Recommended Products:

Contraindications:

Use caution with latex allergies. Not everyone with a latex allergy will be allergic to naturally occurring latex. Cryptopine was tested in animals and had uterine effects. Do not take with prescription medication or during pregnancy.  Consult a doctor if taking other sedatives, hypnotics, antidepressant medications.
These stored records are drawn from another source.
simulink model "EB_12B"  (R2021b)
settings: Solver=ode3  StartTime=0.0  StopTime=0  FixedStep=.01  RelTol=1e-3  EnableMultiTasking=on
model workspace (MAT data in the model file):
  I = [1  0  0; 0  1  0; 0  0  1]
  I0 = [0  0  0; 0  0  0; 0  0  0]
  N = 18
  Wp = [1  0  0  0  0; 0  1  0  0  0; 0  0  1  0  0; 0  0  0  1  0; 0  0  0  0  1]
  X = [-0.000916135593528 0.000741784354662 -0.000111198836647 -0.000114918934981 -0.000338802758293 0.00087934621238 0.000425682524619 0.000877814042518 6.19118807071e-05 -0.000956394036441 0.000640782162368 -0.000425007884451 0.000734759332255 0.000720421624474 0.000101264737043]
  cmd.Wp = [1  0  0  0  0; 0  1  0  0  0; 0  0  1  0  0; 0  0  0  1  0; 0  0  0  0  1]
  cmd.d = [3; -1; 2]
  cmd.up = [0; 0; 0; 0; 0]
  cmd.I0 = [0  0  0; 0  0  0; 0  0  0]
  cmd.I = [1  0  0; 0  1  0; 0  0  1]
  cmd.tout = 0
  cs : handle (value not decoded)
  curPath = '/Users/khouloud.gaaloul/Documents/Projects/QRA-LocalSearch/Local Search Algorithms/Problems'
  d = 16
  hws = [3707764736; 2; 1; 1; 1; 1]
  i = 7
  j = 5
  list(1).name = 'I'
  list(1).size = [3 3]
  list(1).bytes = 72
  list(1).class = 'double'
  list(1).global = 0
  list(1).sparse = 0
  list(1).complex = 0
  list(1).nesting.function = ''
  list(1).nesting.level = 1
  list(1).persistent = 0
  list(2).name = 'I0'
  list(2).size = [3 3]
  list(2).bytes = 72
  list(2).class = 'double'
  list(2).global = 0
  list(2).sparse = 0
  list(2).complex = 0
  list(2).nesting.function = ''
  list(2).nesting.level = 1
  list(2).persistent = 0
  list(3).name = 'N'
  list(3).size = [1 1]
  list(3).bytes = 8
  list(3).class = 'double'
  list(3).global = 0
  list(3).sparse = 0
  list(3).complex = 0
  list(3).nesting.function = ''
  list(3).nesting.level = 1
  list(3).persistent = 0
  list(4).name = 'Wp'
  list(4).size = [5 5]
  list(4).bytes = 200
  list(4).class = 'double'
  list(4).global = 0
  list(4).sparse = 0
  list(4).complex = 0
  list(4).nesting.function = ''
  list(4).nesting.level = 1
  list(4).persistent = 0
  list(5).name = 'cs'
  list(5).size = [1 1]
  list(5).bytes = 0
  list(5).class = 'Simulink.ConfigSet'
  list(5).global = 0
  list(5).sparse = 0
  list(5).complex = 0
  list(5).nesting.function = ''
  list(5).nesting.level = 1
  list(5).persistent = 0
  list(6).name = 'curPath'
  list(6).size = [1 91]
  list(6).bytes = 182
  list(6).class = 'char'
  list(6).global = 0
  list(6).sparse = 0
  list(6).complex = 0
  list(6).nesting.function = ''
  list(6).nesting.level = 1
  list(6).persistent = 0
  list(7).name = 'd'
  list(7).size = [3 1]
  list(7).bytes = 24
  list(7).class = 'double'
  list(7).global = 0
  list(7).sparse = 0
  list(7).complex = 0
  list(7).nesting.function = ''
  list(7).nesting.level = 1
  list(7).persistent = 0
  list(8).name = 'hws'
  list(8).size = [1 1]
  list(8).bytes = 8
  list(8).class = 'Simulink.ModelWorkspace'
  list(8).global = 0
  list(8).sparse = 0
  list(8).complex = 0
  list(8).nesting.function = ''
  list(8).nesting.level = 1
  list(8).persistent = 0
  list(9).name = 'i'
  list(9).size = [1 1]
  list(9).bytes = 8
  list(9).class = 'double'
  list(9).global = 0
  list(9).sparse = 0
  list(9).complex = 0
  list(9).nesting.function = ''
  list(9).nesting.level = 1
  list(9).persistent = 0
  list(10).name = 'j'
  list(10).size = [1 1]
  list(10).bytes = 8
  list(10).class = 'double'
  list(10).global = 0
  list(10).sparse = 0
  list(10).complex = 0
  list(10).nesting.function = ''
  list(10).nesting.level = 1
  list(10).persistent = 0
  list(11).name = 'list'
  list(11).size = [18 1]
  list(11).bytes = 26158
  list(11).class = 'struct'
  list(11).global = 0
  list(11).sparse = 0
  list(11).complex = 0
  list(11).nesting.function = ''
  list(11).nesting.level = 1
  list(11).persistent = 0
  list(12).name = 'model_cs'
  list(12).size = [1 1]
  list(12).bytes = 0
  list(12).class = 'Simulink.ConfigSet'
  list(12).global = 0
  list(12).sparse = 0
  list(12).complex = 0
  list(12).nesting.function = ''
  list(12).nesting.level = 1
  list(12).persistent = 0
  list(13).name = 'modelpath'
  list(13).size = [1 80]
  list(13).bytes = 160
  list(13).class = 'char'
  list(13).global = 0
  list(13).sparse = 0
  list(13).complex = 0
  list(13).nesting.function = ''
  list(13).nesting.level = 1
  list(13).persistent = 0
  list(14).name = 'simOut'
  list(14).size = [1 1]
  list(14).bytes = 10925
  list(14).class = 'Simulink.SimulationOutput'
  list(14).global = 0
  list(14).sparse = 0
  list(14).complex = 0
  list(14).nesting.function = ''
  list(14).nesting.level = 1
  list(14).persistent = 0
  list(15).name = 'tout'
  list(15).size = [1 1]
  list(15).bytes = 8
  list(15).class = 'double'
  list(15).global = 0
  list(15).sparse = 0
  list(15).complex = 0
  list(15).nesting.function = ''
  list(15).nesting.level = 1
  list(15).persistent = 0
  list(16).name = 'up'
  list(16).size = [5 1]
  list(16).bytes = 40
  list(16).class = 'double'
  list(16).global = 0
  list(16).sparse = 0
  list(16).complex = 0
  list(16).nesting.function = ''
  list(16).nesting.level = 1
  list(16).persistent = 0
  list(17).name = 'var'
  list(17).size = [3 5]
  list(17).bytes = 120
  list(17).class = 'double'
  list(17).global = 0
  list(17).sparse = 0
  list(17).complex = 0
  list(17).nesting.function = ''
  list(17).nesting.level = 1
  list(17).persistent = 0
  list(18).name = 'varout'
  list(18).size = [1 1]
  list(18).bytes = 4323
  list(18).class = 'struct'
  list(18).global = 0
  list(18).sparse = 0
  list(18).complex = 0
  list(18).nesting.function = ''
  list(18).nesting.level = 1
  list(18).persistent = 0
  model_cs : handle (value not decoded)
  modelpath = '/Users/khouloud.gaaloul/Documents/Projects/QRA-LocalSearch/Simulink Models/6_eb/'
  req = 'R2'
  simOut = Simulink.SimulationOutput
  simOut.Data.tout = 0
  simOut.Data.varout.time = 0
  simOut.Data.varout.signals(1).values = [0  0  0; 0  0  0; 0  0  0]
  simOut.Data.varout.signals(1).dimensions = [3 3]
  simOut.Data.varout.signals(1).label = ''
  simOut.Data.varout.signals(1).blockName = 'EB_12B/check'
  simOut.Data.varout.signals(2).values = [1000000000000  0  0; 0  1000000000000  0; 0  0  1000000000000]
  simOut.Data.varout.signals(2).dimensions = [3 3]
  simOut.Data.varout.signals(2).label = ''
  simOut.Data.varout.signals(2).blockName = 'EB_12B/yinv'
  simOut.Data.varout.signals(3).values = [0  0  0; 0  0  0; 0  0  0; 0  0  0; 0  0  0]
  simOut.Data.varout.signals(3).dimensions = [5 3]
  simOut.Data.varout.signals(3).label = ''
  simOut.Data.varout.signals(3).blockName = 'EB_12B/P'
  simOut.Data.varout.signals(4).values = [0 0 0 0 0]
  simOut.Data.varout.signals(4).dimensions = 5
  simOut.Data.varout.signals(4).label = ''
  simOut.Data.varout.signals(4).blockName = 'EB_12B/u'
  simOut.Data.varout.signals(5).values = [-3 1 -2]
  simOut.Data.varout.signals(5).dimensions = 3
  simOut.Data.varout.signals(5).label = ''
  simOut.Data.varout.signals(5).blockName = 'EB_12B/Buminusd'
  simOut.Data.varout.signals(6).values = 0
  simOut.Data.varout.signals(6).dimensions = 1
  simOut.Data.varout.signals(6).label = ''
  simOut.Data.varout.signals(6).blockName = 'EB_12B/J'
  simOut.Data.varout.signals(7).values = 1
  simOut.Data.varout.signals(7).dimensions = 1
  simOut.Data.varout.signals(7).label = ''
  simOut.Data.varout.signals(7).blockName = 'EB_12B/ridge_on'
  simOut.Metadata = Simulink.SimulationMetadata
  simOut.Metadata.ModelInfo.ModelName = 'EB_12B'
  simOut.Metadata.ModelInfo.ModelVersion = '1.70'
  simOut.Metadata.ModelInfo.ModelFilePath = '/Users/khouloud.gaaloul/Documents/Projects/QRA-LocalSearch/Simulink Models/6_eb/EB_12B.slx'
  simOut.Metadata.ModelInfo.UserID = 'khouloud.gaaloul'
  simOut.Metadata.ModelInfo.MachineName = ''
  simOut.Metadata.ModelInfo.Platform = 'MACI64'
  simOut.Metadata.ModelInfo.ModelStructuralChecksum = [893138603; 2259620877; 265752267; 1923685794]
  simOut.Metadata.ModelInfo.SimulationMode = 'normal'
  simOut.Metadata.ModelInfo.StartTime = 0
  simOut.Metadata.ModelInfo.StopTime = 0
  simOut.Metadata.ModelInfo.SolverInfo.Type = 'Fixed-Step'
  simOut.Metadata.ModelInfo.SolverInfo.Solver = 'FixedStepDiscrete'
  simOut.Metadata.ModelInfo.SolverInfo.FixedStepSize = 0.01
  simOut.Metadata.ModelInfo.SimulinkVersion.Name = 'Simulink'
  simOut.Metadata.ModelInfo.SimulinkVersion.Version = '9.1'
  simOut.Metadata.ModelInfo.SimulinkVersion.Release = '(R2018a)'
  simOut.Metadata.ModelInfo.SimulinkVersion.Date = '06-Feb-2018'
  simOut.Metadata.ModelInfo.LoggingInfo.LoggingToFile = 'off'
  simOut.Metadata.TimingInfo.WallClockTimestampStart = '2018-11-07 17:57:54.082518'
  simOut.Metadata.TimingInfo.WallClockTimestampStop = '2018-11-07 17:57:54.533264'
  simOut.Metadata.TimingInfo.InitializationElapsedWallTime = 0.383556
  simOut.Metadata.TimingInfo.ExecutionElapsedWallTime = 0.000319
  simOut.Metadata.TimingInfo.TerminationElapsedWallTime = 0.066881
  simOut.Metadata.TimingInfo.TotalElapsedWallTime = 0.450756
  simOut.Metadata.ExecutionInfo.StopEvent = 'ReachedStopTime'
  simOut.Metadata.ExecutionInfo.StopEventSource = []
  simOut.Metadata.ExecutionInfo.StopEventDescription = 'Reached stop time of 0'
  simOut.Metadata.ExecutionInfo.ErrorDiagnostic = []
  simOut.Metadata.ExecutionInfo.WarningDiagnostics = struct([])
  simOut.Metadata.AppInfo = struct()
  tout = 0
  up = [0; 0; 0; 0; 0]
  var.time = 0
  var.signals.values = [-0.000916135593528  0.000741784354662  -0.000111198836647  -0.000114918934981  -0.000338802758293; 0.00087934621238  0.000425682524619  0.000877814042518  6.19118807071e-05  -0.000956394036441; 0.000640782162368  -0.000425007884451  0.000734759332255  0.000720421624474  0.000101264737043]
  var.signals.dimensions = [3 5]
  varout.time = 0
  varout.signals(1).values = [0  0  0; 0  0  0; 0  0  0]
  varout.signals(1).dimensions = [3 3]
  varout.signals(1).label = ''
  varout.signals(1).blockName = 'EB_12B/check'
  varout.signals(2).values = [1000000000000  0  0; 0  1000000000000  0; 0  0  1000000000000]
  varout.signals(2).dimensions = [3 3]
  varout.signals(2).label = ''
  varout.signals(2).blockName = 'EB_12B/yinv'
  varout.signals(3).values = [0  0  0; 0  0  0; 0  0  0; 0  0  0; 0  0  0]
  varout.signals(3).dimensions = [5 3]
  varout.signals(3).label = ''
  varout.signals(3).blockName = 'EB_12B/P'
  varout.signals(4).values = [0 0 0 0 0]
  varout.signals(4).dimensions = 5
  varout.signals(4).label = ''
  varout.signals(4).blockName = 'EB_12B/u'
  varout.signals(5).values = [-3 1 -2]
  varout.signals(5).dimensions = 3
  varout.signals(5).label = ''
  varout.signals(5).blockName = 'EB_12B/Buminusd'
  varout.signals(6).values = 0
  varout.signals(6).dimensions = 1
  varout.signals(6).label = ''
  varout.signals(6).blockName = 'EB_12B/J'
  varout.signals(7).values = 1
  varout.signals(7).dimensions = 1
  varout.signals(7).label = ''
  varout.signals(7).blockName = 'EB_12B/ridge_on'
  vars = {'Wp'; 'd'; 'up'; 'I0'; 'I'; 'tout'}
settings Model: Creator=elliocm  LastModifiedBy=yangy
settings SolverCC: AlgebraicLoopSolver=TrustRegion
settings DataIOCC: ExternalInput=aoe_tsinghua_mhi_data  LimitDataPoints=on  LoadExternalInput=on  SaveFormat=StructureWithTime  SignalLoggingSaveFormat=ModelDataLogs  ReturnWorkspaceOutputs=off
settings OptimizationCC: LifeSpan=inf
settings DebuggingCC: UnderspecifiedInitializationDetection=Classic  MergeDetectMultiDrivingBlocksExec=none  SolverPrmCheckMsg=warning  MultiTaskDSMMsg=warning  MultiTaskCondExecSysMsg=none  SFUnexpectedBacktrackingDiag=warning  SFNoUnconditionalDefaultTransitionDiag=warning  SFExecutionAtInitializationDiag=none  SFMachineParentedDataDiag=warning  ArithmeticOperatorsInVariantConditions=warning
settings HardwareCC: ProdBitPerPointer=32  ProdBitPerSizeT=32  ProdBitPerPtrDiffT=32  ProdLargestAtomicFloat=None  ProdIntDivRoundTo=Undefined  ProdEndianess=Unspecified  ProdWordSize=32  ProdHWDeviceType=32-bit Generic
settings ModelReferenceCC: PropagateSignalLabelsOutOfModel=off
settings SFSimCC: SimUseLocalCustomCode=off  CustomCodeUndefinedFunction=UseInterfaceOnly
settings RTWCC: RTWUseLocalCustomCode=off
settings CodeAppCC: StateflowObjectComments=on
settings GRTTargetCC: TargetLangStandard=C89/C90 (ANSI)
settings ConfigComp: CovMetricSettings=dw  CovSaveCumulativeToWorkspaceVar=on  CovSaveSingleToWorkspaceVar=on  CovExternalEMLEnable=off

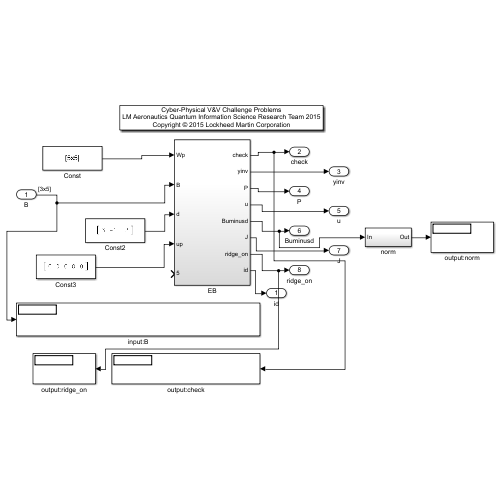
[thumbnail: Simulink's stored preview of the top-level diagram]
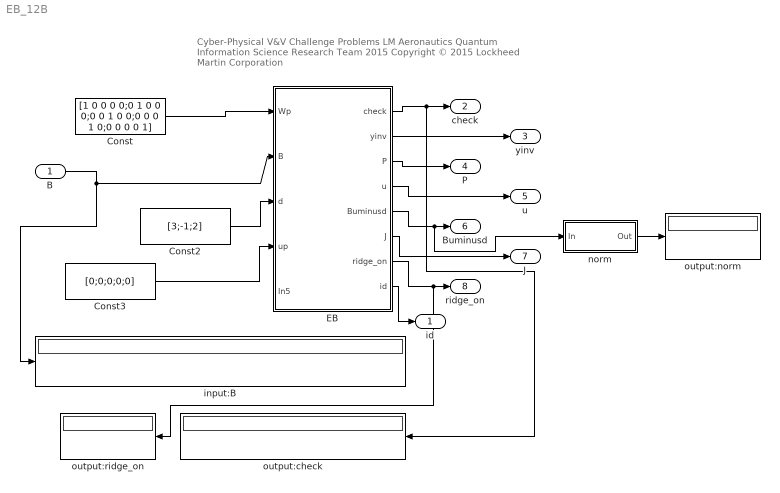
== system EB_12B ==
  note: Cyber-Physical V&V Challenge Problems
      | LM Aeronautics Quantum Information Science Research Team 2015
      | Copyright © 2015 Lockheed Martin Corporation
  B : Inport  OutDataTypeStr=double  PortDimensions=[3 5]
  Const : Constant  Value=[1 0 0 0 0;0 1 0 0 0;0 0 1 0 0;0 0 0 1 0;0 0 0 0 1]
  Const2 : Constant  Value=[3;-1;2]
  Const3 : Constant  Value=[0;0;0;0;0]
  EB : Subsystem
  input:B : Display
      settings: Decimation=6
  norm : Subsystem
  output:check : Display
      settings: Decimation=6
  output:norm : Display
      settings: Decimation=6
  output:ridge_on : Display
      settings: Decimation=6
  id : Outport  VectorParamsAs1DForOutWhenUnconnected=off
  check : Outport  Port=2  VectorParamsAs1DForOutWhenUnconnected=off
  yinv : Outport  Port=3  VectorParamsAs1DForOutWhenUnconnected=off
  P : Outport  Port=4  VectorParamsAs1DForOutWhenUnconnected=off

False positive for opium. Avoid eating/drinking if taking drug tests.  Harvest in clean area as poppy can soak up heavy metals. Some individuals can become desensitized to the opiate family after long term use.  

 Sources:

  • Hoffman, David. The Complete Herbs Sourcebook. New York, NY: Skyhorse Publishing Inc; 2016
  • Moore, Michael. Medicinal Plants of the Pacific Northwest. Santa Fe, NM: Museum of New Mexico Press; 1993
  • Sinadinos, Christa. The Essential Guide to Western Botanical Medicine. Fieldbrook, CA; 2020
  • Sinadinos, Christa. Northwest School for Botanical Studies Course. Lecture Notes; 2014

 Disclosure: This information has not been evaluated by the Food and Drug Administration and is not intended to diagnose, treat, cure, or prevent any disease. Consult with a qualified healthcare practitioner before using herbal products, particularly if you are pregnant, nursing, or on any medications.